Ach ja, selbst Freund Händler hat gesagt dass mein Testrad einen verdammt langen Vorbau dran hatte (12cm glaub ich). Ich fahr noch mal ein anderes mit einem stark verkürzten. Mal sehen wie sich's dann anfühlt.
"Unterlenkerhalterung" ist Mörder. Jetzt weiß ich warum die RR'ler dopen. Um den Schmerz zu töten 

Öcsi


----------



## tjp (30. Juni 2006)

öcsi schrieb:
			
		

> Mal sehen wie sich's dann anfühlt.


Achte auf die Sattelüberhöhung, die sollte nicht allzu groß (4-5cm) oder gar nicht vorhanden sein, wenn Du komfortabel fahren willst.


----------



## lulan (30. Juni 2006)

murksi purksi!!!!!!!!!!!

ein 25,4 mtb-lenker hat an 'nem 26,0 rennrad vorbau nix aber auch gar nix verloren. 6 zehntel sind in diesem fall eine entfernung von hier bis zum mond. 

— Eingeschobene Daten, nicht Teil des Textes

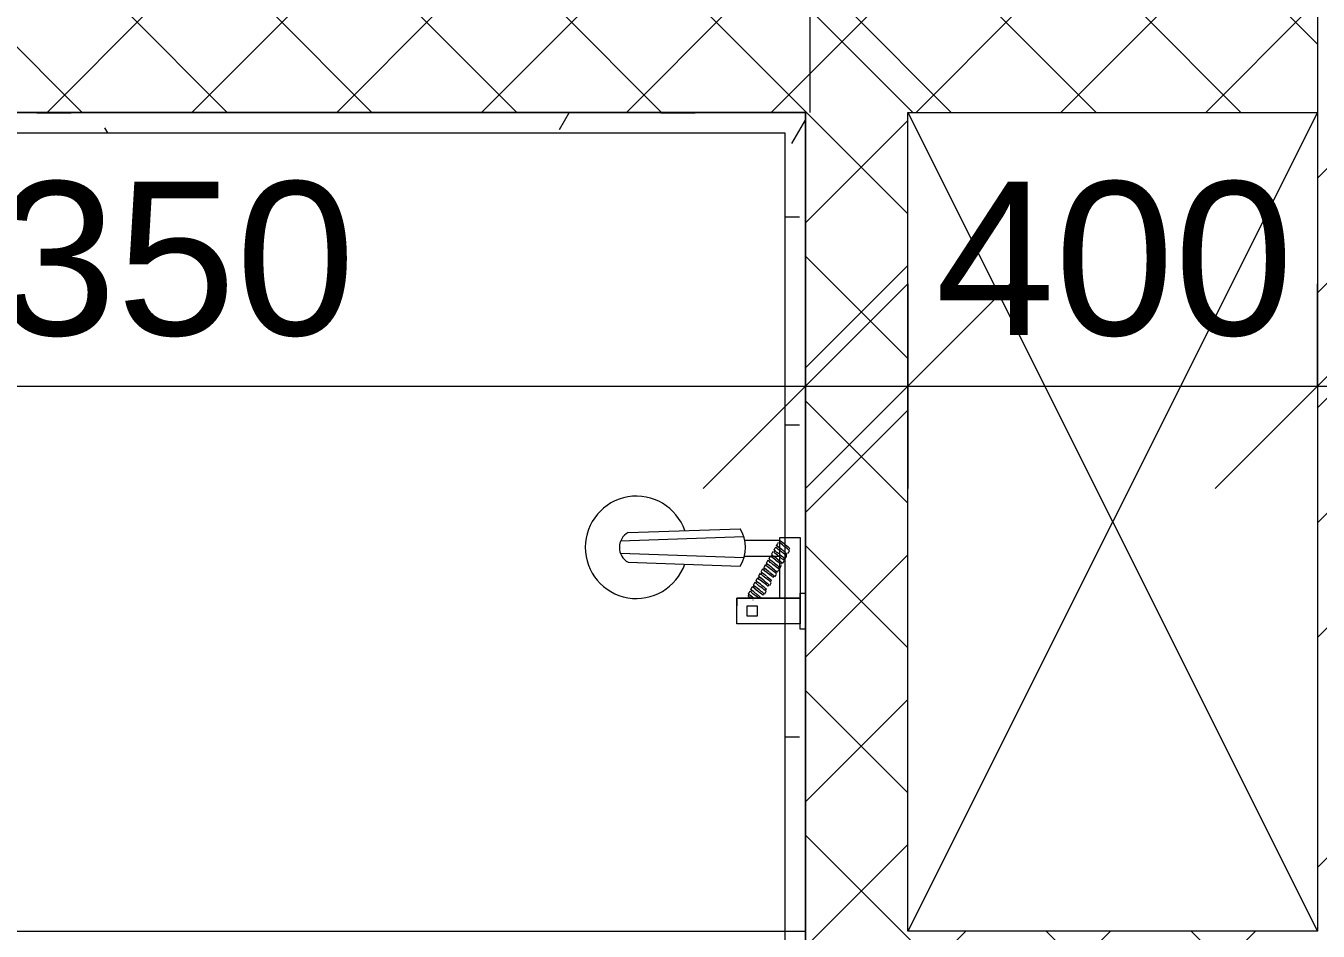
# Model space of a CAD drawing. Header units: millimetres. Extents: x -12746 to 995452, y -409013 to 338495.
# Drawn here: x 2225 to 3487, y -393 to 492 of the extents above; entities that cross this region are included whole.
import ezdxf

# ---------------------------------------------------------------- set-up
doc = ezdxf.new("R2010")
doc.units = ezdxf.units.MM
for name, color, linetype, lineweight in [('A-ANNO-DIMS', 211, 'Continuous', 9), ('A-ANNO-DIMS-100', 211, 'Continuous', 9), ('A-DETL-GENF', 92, 'Continuous', 9), ('A-WALL', 113, 'Continuous', 9), ('A-WALL-PATT', 111, 'Continuous', 18)]:
    doc.layers.add(name, color=color, linetype=linetype, lineweight=lineweight)
doc.styles.add('Arial', font='arial.ttf', dxfattribs={"height": 150})
doc.dimstyles.new('100', dxfattribs={"dimscale": 304.8, "dimtxt": 153.03891, "dimasz": 0.656168, "dimexe": 0.328084, "dimexo": 0.0625, "dimgap": 0.016404, "dimtad": 1, "dimdec": 0, "dimzin": 0, "dimdsep": 46, "dimtxsty": 'Arial', "dimblk1": 'OBLIQUE', "dimblk2": 'OBLIQUE', "dimsah": 1, "dimcen": 0.09, "dimdle": 0.328084, "dimazin": 0, "dimtfac": 1, "dimtdec": 4, "dimtix": 1, "dimtmove": 0, "dimatfit": 3, "dimfxl": 0.328084, "dimfxlon": 1, "dimtvp": 1, "dimtolj": 1, "dimtzin": 0, "dimarcsym": 2})
pattern_1 = [(45, (0, 0), (-70.7107, 70.7107), []), (135, (0, 0), (-70.7107, -70.7107), [])]
pattern_2 = [(0, (0, 0), (406.4, 101.6), [33.528, -271.272, 33.528, -271.272, -1625.6]), (0, (0, 0), (406.4, 101.6), [-609.6, 33.528, -576.072, 33.528, -271.272, -711.2]), (0, (0, 0), (406.4, 101.6), [-1524, 33.528, -169.672, 33.528, -474.472]), (120, (152.4, 50.8), (-291.1882, 301.1527), [33.528, -271.272, 33.528, -271.272, -1625.6]), (120, (152.4, 50.8), (-291.1882, 301.1527), [-609.6, 33.528, -576.072, 33.528, -271.272, -711.2]), (120, (152.4, 50.8), (-291.1882, 301.1527), [-1524, 33.528, -169.672, 33.528, -474.472]), (240, (203.2, 254), (-115.2118, -402.7527), [33.528, -271.272, 33.528, -271.272, -1625.6]), (240, (203.2, 254), (-115.2118, -402.7527), [-609.6, 33.528, -576.072, 33.528, -271.272, -711.2]), (240, (203.2, 254), (-115.2118, -402.7527), [-1524, 33.528, -169.672, 33.528, -474.472])]

# ---------------------------------------------------------------- blocks, each defined once
blk = doc.blocks.new('DETAIL-SHOWER - DETAIL-SHOWER-1548709-1st Floor FFL')
at = {"layer": 'A-DETL-GENF'}
for p, q in [((-800, 1330), (-800, 0)), ((0, 0), (0, 1330)), ((-435.4, 60.1), (-431.1, 180.6)), ((-414.7, 60.1), (-419.1, 180.6)), ((-439.6, 173.1), (-443.3, 63.8)), ((-410.6, 173.1), (-406.8, 63.8)), ((-499.8, 67), (-492.3, 67)), ((-499.8, 5), (-499.8, 67)), ((-499.8, 67), (-474.8, 67)), ((-499.8, 5), (-499.8, 67)), ((-474.8, 67), (-482.3, 67)), ((-474.8, 5), (-474.8, 67)), ((-474.8, 67), (-474.8, 5)), ((-492.3, 47), (-492.3, 57)), ((-492.3, 57), (-482.3, 57)), ((-482.3, 57), (-482.3, 47)), ((-476.7, 51.1), (-476.6, 51.2)), ((-474.8, 53.5), (-474.3, 54.1)), ((-474.8, 50.3), (-473.6, 52)), ((-474.8, 50.4), (-474.5, 50.8)), ((-474.5, 50.8), (-474, 51.4)), ((-474.3, 54.1), (-473.5, 55.1)), ((-474, 51.4), (-472.8, 53)), ((-473.6, 52), (-472.5, 53.5)), ((-473.5, 55.1), (-472.9, 55.7)), ((-472.9, 55.7), (-472.5, 55.9)), ((-472.8, 53), (-471.8, 54.3)), ((-471.1, 55.1), (-472.5, 55.9)), ((-472.5, 53.5), (-471.5, 54.7)), ((-471.8, 54.3), (-471, 55.2)), ((-471.5, 54.7), (-471.3, 54.9)), ((-471.4, 49.9), (-470.4, 51.2)), ((-471.3, 54.9), (-471.1, 55.1)), ((-471, 55.2), (-470.5, 55.7)), ((-470.5, 55.7), (-470.3, 55.7)), ((-470.4, 51.2), (-469.5, 52.3)), ((-469, 55), (-470.3, 55.8)), ((-469.7, 48.9), (-468.5, 50.5)), ((-469.5, 52.3), (-468.8, 53)), ((-467.7, 54.3), (-469, 55)), ((-468.8, 53), (-468.3, 53.4)), ((-468.5, 50.5), (-467.5, 51.8)), ((-466.8, 52.6), (-468.2, 53.4)), ((-467.5, 51.8), (-466.7, 52.7)), ((-466.7, 52.7), (-466.2, 53.2)), ((-466.2, 53.2), (-466, 53.2)), ((-464.7, 52.5), (-466, 53.3)), ((-464.9, 50.1), (-464.3, 50.7)), ((-463.3, 51.8), (-464.7, 52.5)), ((-464.6, 50.3), (-464.1, 50.8)), ((-464.3, 50.7), (-463.9, 50.9)), ((-464.1, 50.8), (-463.9, 50.9)), ((-462.5, 50.1), (-463.9, 50.9)), ((-463.9, 50.9), (-462.5, 50.1)), ((-462.4, 50.2), (-461.8, 50.7)), ((-461.8, 50.7), (-461.7, 50.7)), ((-460.4, 50), (-461.7, 50.8)), ((-433.5, 59.5), (-433.5, 25)), ((-417.9, 59.2), (-417.9, 25)), ((-482.3, 47), (-492.3, 47)), ((-474.8, 45.5), (-473.7, 46.9)), ((-474.8, 43.4), (-474.6, 43.2)), ((-474.3, 43.4), (-474.6, 43.2)), ((-473.7, 43.9), (-474.3, 43.4)), ((-473.7, 46.9), (-472.5, 48.5)), ((-472.9, 44.8), (-473.7, 43.9)), ((-472, 45.9), (-472.9, 44.8)), ((-472.5, 48.5), (-471.4, 49.9)), ((-472.4, 48.6), (-472.2, 48.9)), ((-470.9, 47.3), (-472, 45.9)), ((-471.6, 41.5), (-471.5, 41.7)), ((-471.6, 41.5), (-470.3, 40.7)), ((-471.4, 41.8), (-470.4, 43)), ((-470.6, 47.8), (-470.9, 47.3)), ((-470.8, 39.9), (-469.5, 39.1)), ((-470.5, 47.9), (-470.2, 48.3)), ((-470.4, 43), (-469.3, 44.4)), ((-470, 40.8), (-470.3, 40.7)), ((-470, 40.8), (-470.3, 40.7)), ((-470.2, 48.3), (-469.7, 48.9)), ((-469.4, 41.4), (-470, 40.8)), ((-469.4, 41.4), (-470, 40.8)), ((-469.5, 39.1), (-468.2, 38.4)), ((-468.6, 42.3), (-469.4, 41.4)), ((-468.6, 42.3), (-469.4, 41.4)), ((-469.3, 44.4), (-468.1, 46)), ((-467.7, 43.4), (-468.6, 42.3)), ((-467.7, 43.4), (-468.6, 42.3)), ((-468.2, 38.4), (-467.8, 38.6)), ((-468.1, 46), (-467.4, 47)), ((-468.1, 46.1), (-467.8, 46.5)), ((-468.1, 46.1), (-467.9, 46.4)), ((-467.8, 46.5), (-466.7, 47.9)), ((-467.8, 38.6), (-467.1, 39.3)), ((-466.6, 44.8), (-467.7, 43.4)), ((-466.6, 44.8), (-467.7, 43.4)), ((-467.4, 47), (-466.4, 48.3)), ((-467.4, 39), (-466, 38.3)), ((-467.1, 39.3), (-466.2, 40.5)), ((-466.7, 47.9), (-465.7, 49.1)), ((-466.2, 45.3), (-466.6, 44.8)), ((-466.2, 45.3), (-466.6, 44.8)), ((-466.4, 48.3), (-465.4, 49.5)), ((-466.2, 45.3), (-465, 47)), ((-466.2, 40.5), (-465, 41.9)), ((-466.1, 45.4), (-465.9, 45.8)), ((-465.7, 38.4), (-466, 38.3)), ((-465.9, 45.8), (-465.4, 46.4)), ((-465.7, 49.1), (-464.9, 50.1)), ((-465.1, 38.9), (-465.7, 38.4)), ((-465.4, 49.5), (-464.6, 50.3)), ((-465.4, 46.4), (-464.2, 48)), ((-464.3, 39.8), (-465.1, 38.9)), ((-465, 47), (-463.9, 48.5)), ((-465, 41.9), (-463.8, 43.5)), ((-463.4, 41), (-464.3, 39.8)), ((-464.2, 48), (-463.2, 49.3)), ((-463.9, 48.5), (-462.9, 49.7)), ((-463.8, 43.5), (-462.8, 45)), ((-463.8, 43.6), (-463.6, 43.9)), ((-463.8, 43.6), (-463.7, 43.7)), ((-462.3, 42.3), (-463.4, 41)), ((-463.2, 49.3), (-462.4, 50.2)), ((-462.9, 49.7), (-462.7, 49.9)), ((-462.8, 45), (-461.7, 46.3)), ((-462.8, 36.8), (-461.8, 38)), ((-462.7, 49.9), (-462.5, 50.1)), ((-462, 42.8), (-462.3, 42.3)), ((-461.9, 42.9), (-461.6, 43.3)), ((-461.8, 38), (-460.7, 39.4)), ((-461.7, 46.3), (-460.8, 47.3)), ((-461.6, 43.3), (-461.1, 43.9)), ((-461.1, 43.9), (-459.9, 45.5)), ((-460.8, 47.3), (-460.2, 48.1)), ((-460.7, 39.4), (-459.5, 41.1)), ((-459.1, 49.3), (-460.4, 50)), ((-460.2, 48.1), (-459.7, 48.4)), ((-459.1, 38.5), (-460, 37.3)), ((-459.1, 38.5), (-460, 37.3)), ((-459.9, 45.5), (-458.9, 46.8)), ((-458.2, 47.6), (-459.6, 48.4)), ((-459.5, 41), (-458.8, 42)), ((-459.5, 41.1), (-459.1, 41.5)), ((-459.5, 41.1), (-459.4, 41.2)), ((-459.4, 41.1), (-459.2, 41.4)), ((-459.1, 41.5), (-458.1, 42.9)), ((-458, 39.8), (-459.1, 38.5)), ((-458, 39.8), (-459.1, 38.5)), ((-458.9, 46.8), (-458.1, 47.7)), ((-458.8, 42), (-457.7, 43.3)), ((-458.1, 47.7), (-457.5, 48.2)), ((-458.1, 42.9), (-457.1, 44.1)), ((-457.6, 40.3), (-458, 39.8)), ((-457.6, 40.3), (-458, 39.8)), ((-457.7, 43.3), (-456.8, 44.5)), ((-457.6, 40.3), (-456.4, 42)), ((-457.5, 48.2), (-457.4, 48.2)), ((-457.5, 40.4), (-457.2, 40.8)), ((-456, 47.5), (-457.3, 48.3)), ((-457.2, 40.8), (-456.8, 41.4)), ((-457.1, 44.1), (-456.3, 45.1)), ((-456.8, 44.5), (-456, 45.4)), ((-456.8, 41.4), (-455.6, 43)), ((-456.4, 42), (-455.2, 43.5)), ((-456.4, 36.9), (-455.2, 38.6)), ((-456.3, 45.1), (-455.6, 45.7)), ((-454.7, 46.8), (-456, 47.5)), ((-456, 45.4), (-455.5, 45.8)), ((-455.6, 45.7), (-455.3, 45.9)), ((-455.6, 43), (-454.6, 44.3)), ((-455.5, 45.8), (-455.2, 45.9)), ((-453.9, 45.1), (-455.3, 45.9)), ((-455.2, 45.9), (-453.9, 45.1)), ((-455.2, 43.5), (-454.3, 44.7)), ((-455.2, 38.6), (-454.1, 40)), ((-455.2, 38.6), (-455, 38.9)), ((-455.2, 38.6), (-455, 38.7)), ((-454.6, 44.3), (-453.8, 45.3)), ((-454.3, 44.7), (-454.1, 44.9)), ((-454.1, 44.9), (-453.9, 45.1)), ((-454.1, 40), (-453.1, 41.3)), ((-453.8, 45.3), (-453.2, 45.7)), ((-453.2, 45.7), (-453.1, 45.7)), ((-453.2, 37.9), (-453, 38.3)), ((-451.8, 45), (-453.1, 45.8)), ((-453.1, 41.3), (-452.2, 42.3)), ((-453, 38.3), (-452.5, 39)), ((-452.5, 39), (-451.3, 40.5)), ((-452.2, 42.3), (-451.5, 43.1)), ((-450.4, 44.3), (-451.8, 45)), ((-451.5, 43.1), (-451.1, 43.4)), ((-451.3, 40.5), (-450.3, 41.8)), ((-449.6, 42.6), (-451, 43.4)), ((-450.3, 41.8), (-449.5, 42.8)), ((-450.2, 37), (-449.1, 38.4)), ((-449.6, 37.8), (-448.6, 39)), ((-449.5, 42.8), (-448.9, 43.2)), ((-449.1, 38.4), (-448.2, 39.5)), ((-448.9, 43.2), (-448.8, 43.2)), ((-447.4, 42.5), (-448.7, 43.3)), ((-448.6, 39), (-447.8, 40)), ((-448.3, 36.3), (-447.1, 37.9)), ((-448.2, 39.5), (-447.4, 40.4)), ((-447.9, 36.9), (-446.7, 38.3)), ((-447.8, 40), (-447.1, 40.6)), ((-446.1, 41.8), (-447.4, 42.5)), ((-447.4, 40.4), (-446.9, 40.8)), ((-447.1, 40.6), (-446.8, 40.8)), ((-447.1, 37.9), (-446.1, 39.2)), ((-446.9, 40.8), (-446.6, 40.9)), ((-445.4, 40), (-446.8, 40.8)), ((-446.7, 38.3), (-445.8, 39.5)), ((-446.6, 40.9), (-445.4, 40)), ((-446.1, 39.2), (-445.3, 40.1)), ((-445.8, 39.5), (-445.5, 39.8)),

hochlegiertes alu ist nicht sehr kaltverfomungsfreudig. der lenker klemmt entweder nur punktuell (vorne und hinten) und die klemmung kann sich mit der zeit lockern, der lenker passt sich dem vorbau an und wird ovalisiert oder die vorbauklemmung verformt sich entsprechend.

alle drei varianten sind absolut pfui. ablosuter obermurks, spannungen/ verformungen können im bereich der lenkerklemmung entstehen und die bruchgefahr steigt erheblich.

jeder maschinenbauer würde dir den kopf abreißen und in deinen hals *******n.

was man hier im forum an gefährlichen tips von selbst ernannten technikexperten hört, ist z.t. echt haarsträubend.


----------



## Katrin (2. Juli 2006)

Welche Vorschläge zur Komponentenwahl habt ihr bezüglich meiner Idee einen Rennradrahmen mit geradem Lenker aufzubauen. Wichtig für mich zu wissen, wie es mit der Kompatibilität von Bremsen und Schaltung aus dem MTB-Bereich aussieht.

Sorry, arbeite mich gerade in dieses Thema ein und freue mich über Anleitung.


----------



## MTB-News.de




----------



## Revon (3. Juli 2006)

Katrin schrieb:
			
		

> Welche Vorschläge zur Komponentenwahl habt ihr bezüglich meiner Idee einen Rennradrahmen mit geradem Lenker aufzubauen. Wichtig für mich zu wissen, wie es mit der Kompatibilität von Bremsen und Schaltung aus dem MTB-Bereich aussieht.
> 
> Sorry, arbeite mich gerade in dieses Thema ein und freue mich über Anleitung.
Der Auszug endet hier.